Task goal: Every line of the records below that holds the word "Multiply" should be copied out.

(Material for this exercise Opens)

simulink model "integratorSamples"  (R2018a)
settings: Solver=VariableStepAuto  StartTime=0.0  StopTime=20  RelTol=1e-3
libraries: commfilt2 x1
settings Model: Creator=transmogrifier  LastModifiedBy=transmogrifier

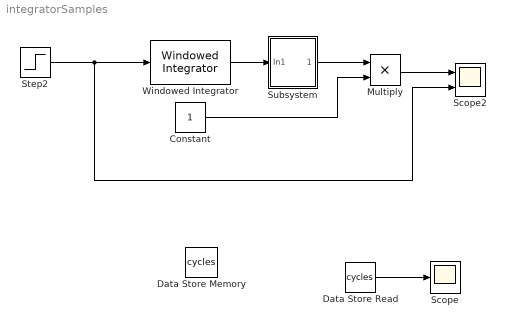
== system integratorSamples ==
  Constant : Constant
  Data Store Memory : DataStoreMemory  DataStoreName=cycles  ReadBeforeWriteMsg=warning  WriteAfterWriteMsg=warning  WriteAfterReadMsg=warning  ShowAdditionalParam=off  OutDataTypeStr=int32
  Data Store Read : DataStoreRead  DataStoreName=cycles
  Multiply : Product
  Scope : Scope
  Scope2 : Scope  NumInputPorts=2
  Step2 : Step  Time=10  SampleTime=0
  Subsystem : Subsystem
  Windowed Integrator : commfilt2/Windowed Integrator  integperiod=10  InputProcessing=Columns as channels (frame based)  roundingMode=Floor  overflowMode=off  coeffDataTypeStr=Inherit: Same word length as input  coeffMin=[]  coeffMax=[]  coeffLastDataTypeStr=Inherit: Same word length as input  accumDataTypeStr=Inherit: Same as product output  accumLastDataTypeStr=Inherit: Same as product output  outputDataTypeStr=Inherit: Same as accumulator  outputMin=[]  outputMax=[]  outputLastDataTypeStr=Inherit: Same as accumulator
      settings: SourceProductName=Communications System Toolbox  SourceProductBaseCode=CM
  wires:
  Step2/1 -> Scope2/2, Windowed Integrator/1
  Windowed Integrator/1 -> Subsystem/1(In1)
  Constant/1 -> Multiply/2
  Multiply/1 -> Scope2/1
  Subsystem/1(Out1) -> Multiply/1
  Data Store Read/1 -> Scope/1

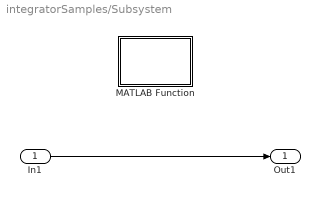
== system integratorSamples/Subsystem ==
  In1 : Inport
  MATLAB Function : MATLAB Function  TreatAsAtomicUnit=on
  Out1 : Outport
  wires:
  In1/1 -> Out1/1

== matlab function integratorSamples/Subsystem/MATLAB Function ==
  data: cycles data_store_memory
function fcn
global cycles;

cycles=cycles+1;

end

(Material for this exercise Closes)

Completed task:
  Multiply : Product
  Constant/1 -> Multiply/2
  Multiply/1 -> Scope2/1
  Subsystem/1(Out1) -> Multiply/1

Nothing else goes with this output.